Kubernetes is an open-source system for automating deployment, scaling, and management of containerized applications.

I just follow the guide of CoreOS + Kubernetes Step By Step to deploy Kubernetes cluster on CoreOS.

Although this guide is detailed, there’s still something that will cause misunderstanding and should be paid close attention to. So this post is to help you better follow the guide and setup Kubernetes.

First of all, according to CoreOS cluster architectures, the CoreOS + Kubernetes Step By Step guide is for Easy development/testing cluster or Production cluster with central services, however, what I have is a Small cluster which was set up in the way Setup CoreOS Cluster with Static IPs, that will make some difference to ETCD_ENDPOINTS environment variable.

ETCD_ENDPOINTS

For each node, the ETCD_ENDPOINTS is http://<node-routable-ip>:2379. Don’t forget http://, it won’t work without this token.

gcr.io

If you’re in China, thanks to the GFW service, you’re not able to connect gcr.io to download gcr.io/google_containers/pause image. So maybe you need proxy for Docker.
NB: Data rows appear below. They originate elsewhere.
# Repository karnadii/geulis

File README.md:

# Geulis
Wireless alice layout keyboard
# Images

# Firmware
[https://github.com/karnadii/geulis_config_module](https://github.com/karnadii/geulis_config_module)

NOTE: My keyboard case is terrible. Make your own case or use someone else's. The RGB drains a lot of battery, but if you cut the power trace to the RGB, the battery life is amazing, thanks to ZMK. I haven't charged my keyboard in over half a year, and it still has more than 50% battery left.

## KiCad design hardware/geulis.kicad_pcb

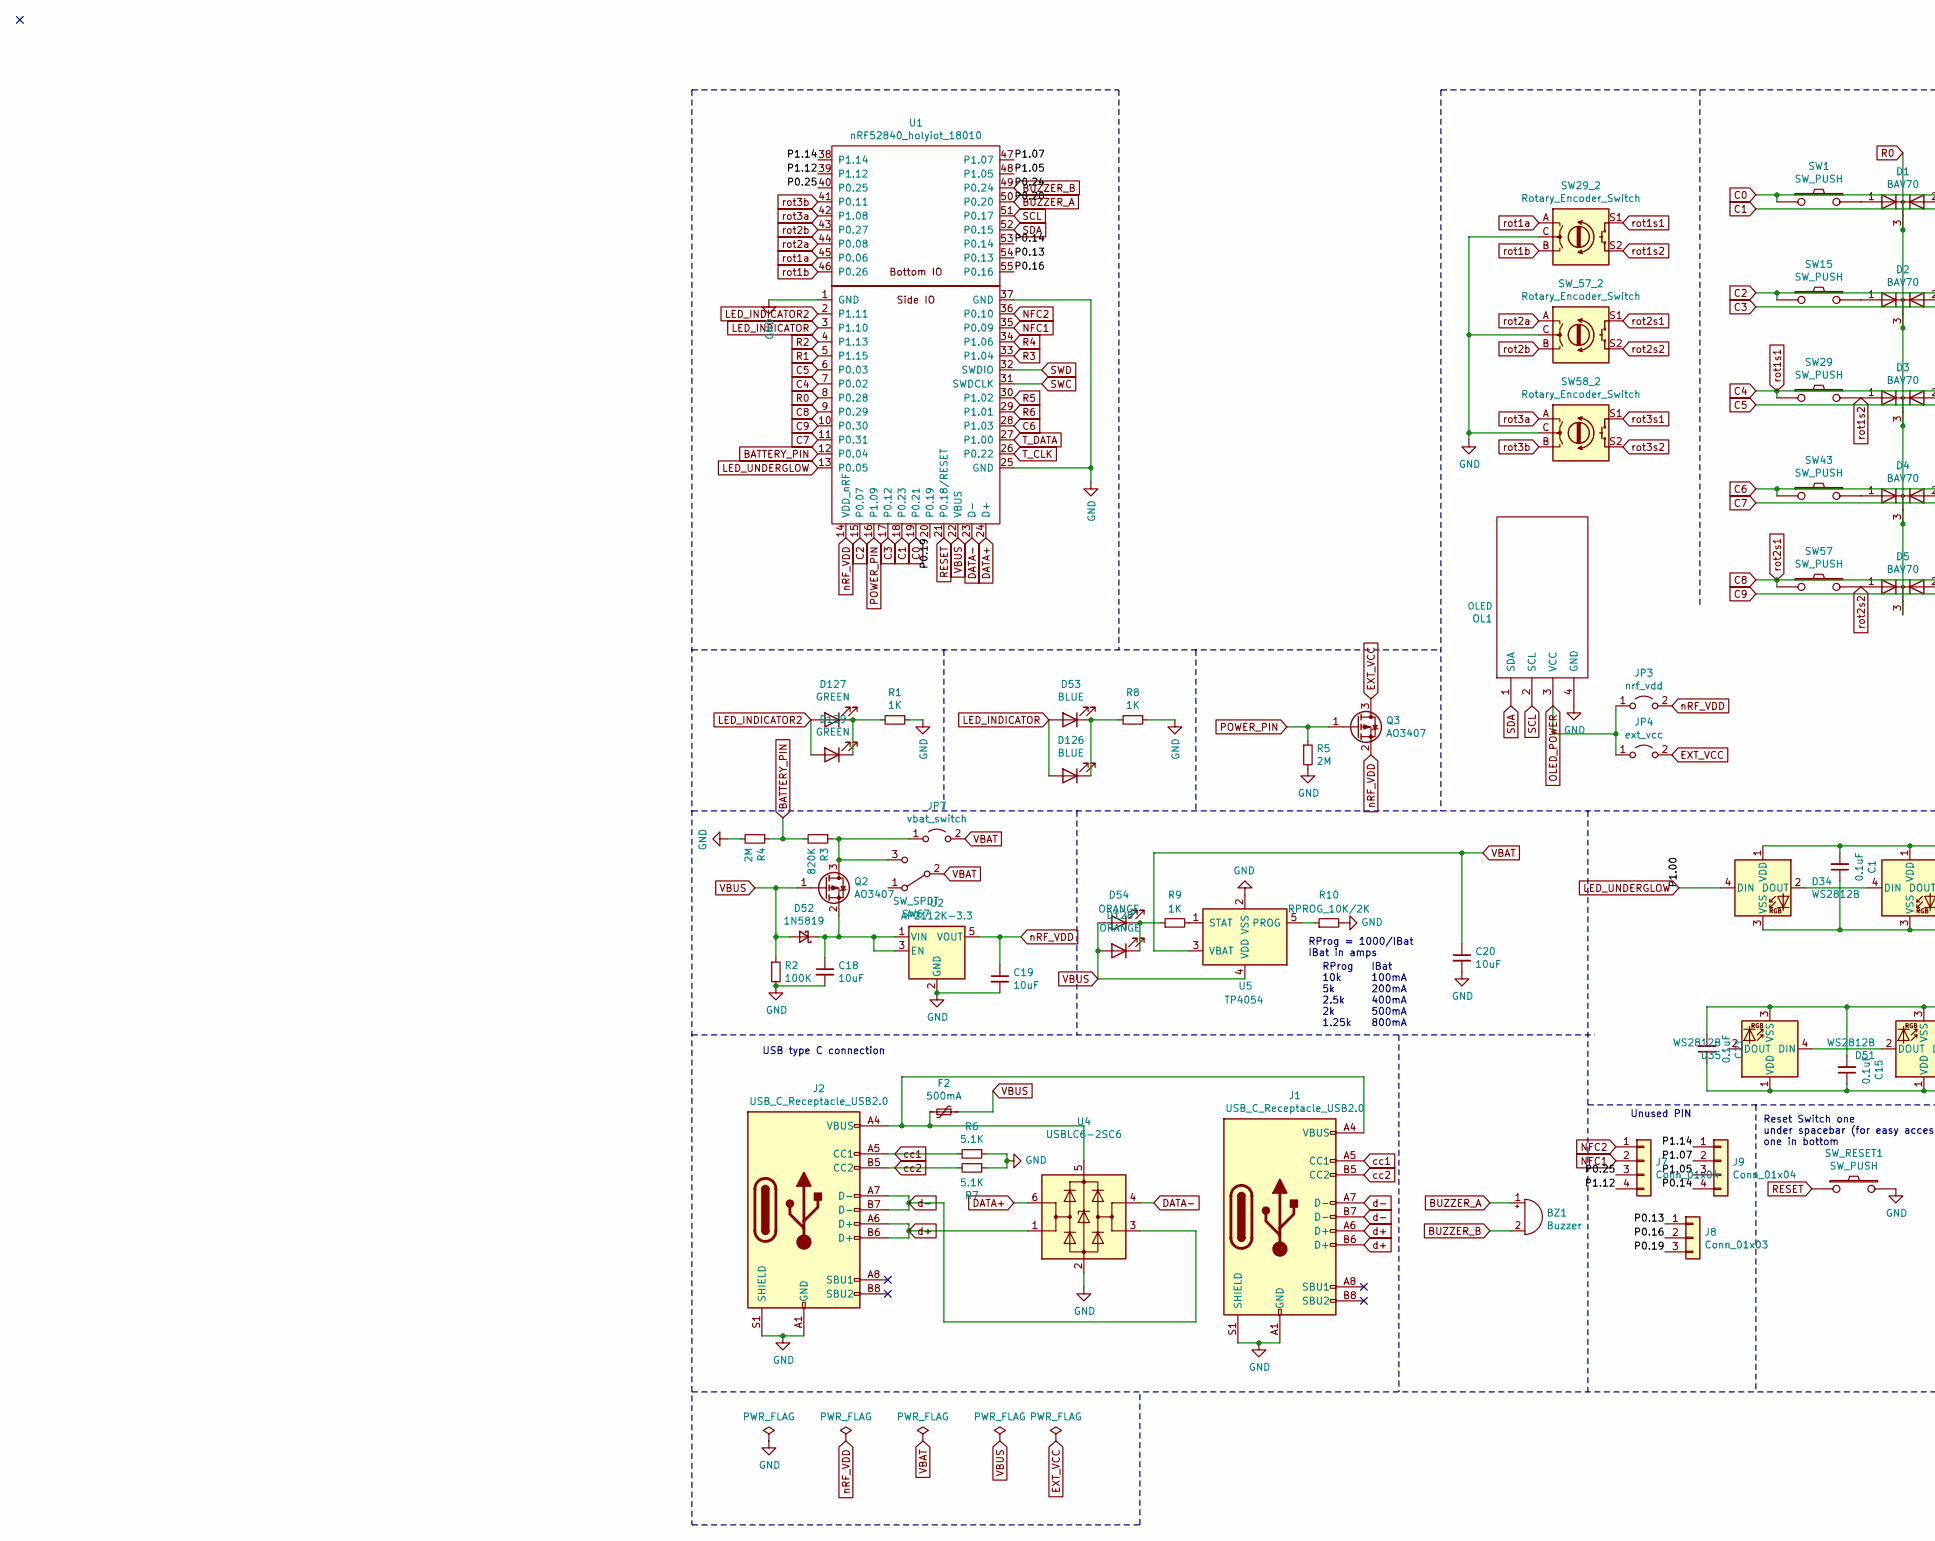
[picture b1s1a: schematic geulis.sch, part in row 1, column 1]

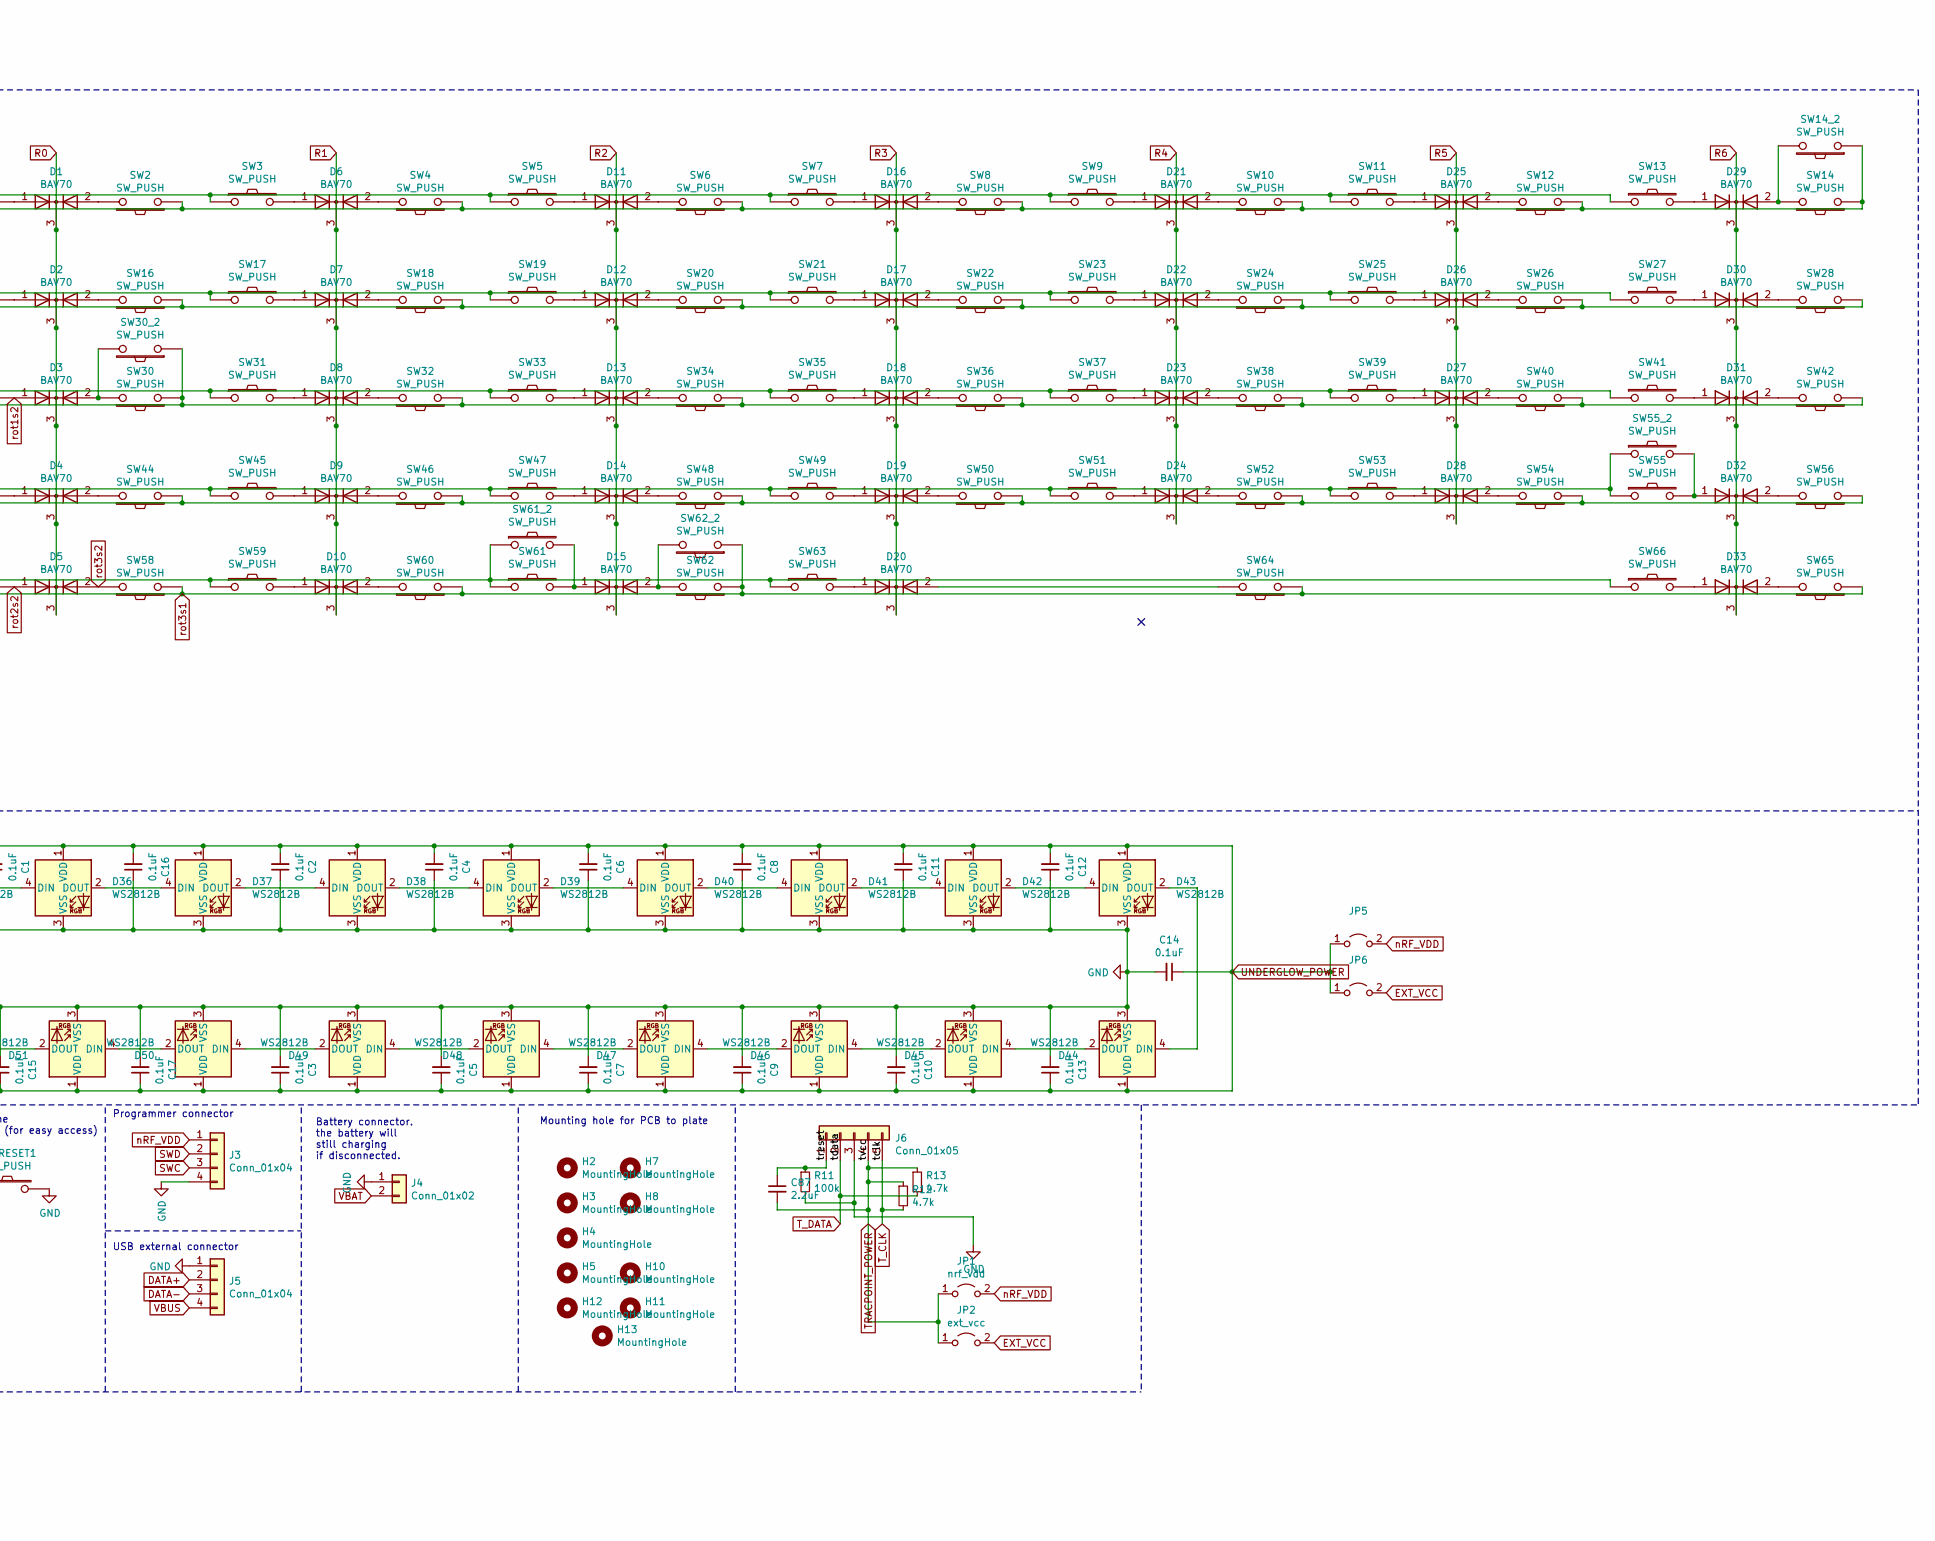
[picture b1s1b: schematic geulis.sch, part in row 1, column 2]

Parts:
BZ1: Buzzer; PKLCS1212E2000-R1
C1, C2, C3, C4, C5, C6, C7, C8, C9, C10, C11, C12, C13, C14, C15, C16, C17, C21: 0.1uF; C_0805_2012Metric_Pad1.18x1.45mm_HandSolder; LCSC C49678
C18, C19, C20: 10uF; C_0805_2012Metric_Pad1.18x1.45mm_HandSolder; LCSC C15850
C87: 2.2uF; C_0805_2012Metric_Pad1.18x1.45mm_HandSolder
D1, D2, D3, D4, D5, D6, D7, D8, D9, D10, D11, D12, D13, D14, D15, D16, D17, D18, D19, D20, D21, D22, D23, D24, D25, D26, D27, D28, D29, D30, D31, D32, D33: BAV70; SOT-23
D34, D35, D36, D37, D38, D39, D40, D41, D42, D43, D44, D45, D46, D47, D48, D49, D50, D51: WS2812B; WS2812B_data-bridgeable; LCSC C114586
D52: 1N5819; D_SOD-123; LCSC C169540
D53: BLUE; LED_0603_1608Metric_Pad1.05x0.95mm_HandSolder; LCSC C375446
D54: ORANGE; LED_0603_1608Metric_Pad1.05x0.95mm_HandSolder; LCSC C375450
D126: BLUE; LED_D3.0mm
D127: GREEN; LED_D3.0mm
D128: ORANGE; LED_D3.0mm
D129: GREEN; LED_0603_1608Metric_Pad1.05x0.95mm_HandSolder
F2: 500mA; Fuse_0805_2012Metric_Pad1.15x1.40mm_HandSolder; LCSC C261942
H2, H3, H4, H5, H7, H8, H10, H11, H12, H13: MountingHole; MountingHole_2.2mm_M2_Pad
J1, J2: USB_C_Receptacle_USB2.0; USB_C_Receptacle_HRO_TYPE-C-31-M-12; LCSC C165948
J3: Conn_01x04; connector_swd
J4: Conn_01x02; JST_XH_S2B-XH-A-1_1x02_P2.50mm_Horizontal; LCSC C157931
J5: Conn_01x04; connector_usb
J6: Conn_01x05; PinHeader_1x05_P2.54mm_Vertical
J7, J9: Conn_01x04; PinHeader_1x04_P2.00mm_Vertical
J8: Conn_01x03; PinHeader_1x03_P2.00mm_Vertical
JP1, JP3: nrf_vdd; Jumper
JP2, JP4: ext_vcc; Jumper
JP5, JP6: Jumper_2_Open; Jumper
JP7: vbat_switch; Jumper
OL1: OLED
Q2, Q3: AO3407; TSOT-23; LCSC C693136
R1, R8, R9: 1K; R_0603_1608Metric_Pad0.98x0.95mm_HandSolder; LCSC C21190
R2: 100K; R_0603_1608Metric_Pad0.98x0.95mm_HandSolder; LCSC C25803
R3: 820K; R_0603_1608Metric_Pad0.98x0.95mm_HandSolder; LCSC C23252
R4, R5: 2M; R_0603_1608Metric_Pad0.98x0.95mm_HandSolder; LCSC C22976
R6, R7: 5.1K; R_0603_1608Metric_Pad0.98x0.95mm_HandSolder; LCSC C23186
R10: RPROG_10K/2K; R_0603_1608Metric_Pad0.98x0.95mm_HandSolder; LCSC C22975
R11: 100k; R_0603_1608Metric_Pad0.98x0.95mm_HandSolder
R12, R13: 4.7k; R_0603_1608Metric_Pad0.98x0.95mm_HandSolder
SW1, SW2, SW3, SW4, SW5, SW6, SW7, SW8, SW9, SW10, SW11, SW12, SW13, SW14_2, SW16, SW17, SW18, SW19, SW20, SW21, SW22, SW23, SW24, SW25, SW26, SW27, SW29, SW31, SW32, SW33, SW34, SW35, SW36, SW37, SW38, SW39, SW40, SW41, SW44, SW45, SW46, SW47, SW48, SW49, SW50, SW51, SW52, SW53, SW54, SW56, SW57, SW58, SW62_2, SW66: SW_PUSH; MXOnly-1U-Hotswap
SW14: SW_PUSH; MXOnly-2U-Hotswap
SW15, SW28, SW59, SW60, SW64, SW65: SW_PUSH; MXOnly-1.5U-Hotswap
SW29_2, SW58_2: Rotary_Encoder_Switch; RotaryEncoder_Alps_EC11E-Switch_Vertical_H20mm
SW30, SW55: SW_PUSH; MXOnly-1.75U-Hotswap
SW30_2, SW62: SW_PUSH; MXOnly-1.25U-Hotswap
SW42: SW_PUSH; MXOnly-2.25U-Hotswap-ReversedStabilizers
SW43, SW61_2: SW_PUSH; MXOnly-2.25U-Hotswap
SW55_2, SW63: SW_PUSH; MXOnly-2.75U-Hotswap-ReversedStabilizers
SW61: SW_PUSH; MXOnly-2U-Hotswap-ReversedStabilizers
SW67: SW_SPDT; SW_SPDT_PCM12; LCSC C221841
SW_57_2: Rotary_Encoder_Switch; RotaryEncoder_Alps_EC11E-Switch_Vertical_H20mm
SW_RESET1: SW_PUSH; SW_SPST_TL3342; LCSC C318884
U1: nRF52840_holyiot_18010
U2: AP2112K-3.3; SOT-23-5; LCSC C51118
U4: USBLC6-2SC6; SOT-23-6; LCSC C558442
U5: TP4054; SOT-23-5; LCSC C32574

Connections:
/P0.13: J8.1, U1.54 (P0.13)
/P0.14: J9.4, U1.53 (P0.14)
/P0.16: J8.2, U1.55 (P0.16)
/P0.19: J8.3, U1.20 (P0.19)
/P0.25: J7.3, U1.40 (P0.25)
/P1.05: J9.3, U1.48 (P1.05)
/P1.07: J9.2, U1.47 (P1.07)
/P1.12: J7.4, U1.39 (P1.12)
/P1.14: J9.1, U1.38 (P1.14)
/treset: C87.1, J6.1, R11.1
BATTERY_PIN: R3.2, R4.1, U1.12 (P0.04)
BUZZER_A: BZ1.1 (-), U1.50 (P0.20)
BUZZER_B: BZ1.2 (+), U1.49 (P0.24)
C0: SW1.1, SW3.1, SW5.1, SW7.1, SW9.1, SW11.1, SW13.1, U1.19 (P0.21)
C1: SW2.1, SW4.1, SW6.1, SW8.1, SW10.1, SW12.1, SW14.1, SW14_2.1, U1.18 (P0.23)
C2: SW15.1, SW17.1, SW19.1, SW21.1, SW23.1, SW25.1, SW27.1, U1.15 (P0.07)
C3: SW16.1, SW18.1, SW20.1, SW22.1, SW24.1, SW26.1, SW28.1, U1.17 (P0.12)
C4: SW29.1, SW29_2.S1, SW31.1, SW33.1, SW35.1, SW37.1, SW39.1, SW41.1, U1.7 (P0.02)
C5: SW30.1, SW30_2.1, SW32.1, SW34.1, SW36.1, SW38.1, SW40.1, SW42.1, U1.6 (P0.03)
C6: SW43.1, SW45.1, SW47.1, SW49.1, SW51.1, SW53.1, SW55.1, SW55_2.1, U1.28 (P1.03)
C7: SW44.1, SW46.1, SW48.1, SW50.1, SW52.1, SW54.1, SW56.1, U1.11 (P0.31)
C8: SW57.1, SW59.1, SW61.1, SW61_2.1, SW63.1, SW66.1, SW_57_2.S1, U1.9 (P0.29)
C9: SW58.1, SW58_2.S1, SW60.1, SW62.1, SW62_2.1, SW64.1, SW65.1, U1.10 (P0.30)
DATA+: J5.2, U1.24 (D+), U4.6 (I/O1)
DATA-: J5.3, U1.23 (D-), U4.4 (I/O2)
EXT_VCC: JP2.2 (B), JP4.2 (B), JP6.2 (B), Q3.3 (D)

So add a unit in your cloud-config file.

- name: docker.service
  drop-ins:
    - name: 20-http-proxy.conf
      content: |
        [Service]
        Environment="HTTP_PROXY=http://www-proxy.ericsson.se:8080"
        Environment="HTTPS_PROXY=http://www-proxy.ericsson.se:8080"
  command: restart

Change http://www-proxy.ericsson.se:8080 to your own proxy server url.

journalctl

Sometimes the active status of systemctl status won’t indicate everything goes well, you may need

	sudo journalctl -f -t <some-service>

or

	sudo journalctl -f -u <some-service>

or just

	sudo journalctl -ex

These commands will help you find what’s going wrong, and in most cases, you just need to be patient, because downloading takes time specially the first time you deploy.

Hope this helps.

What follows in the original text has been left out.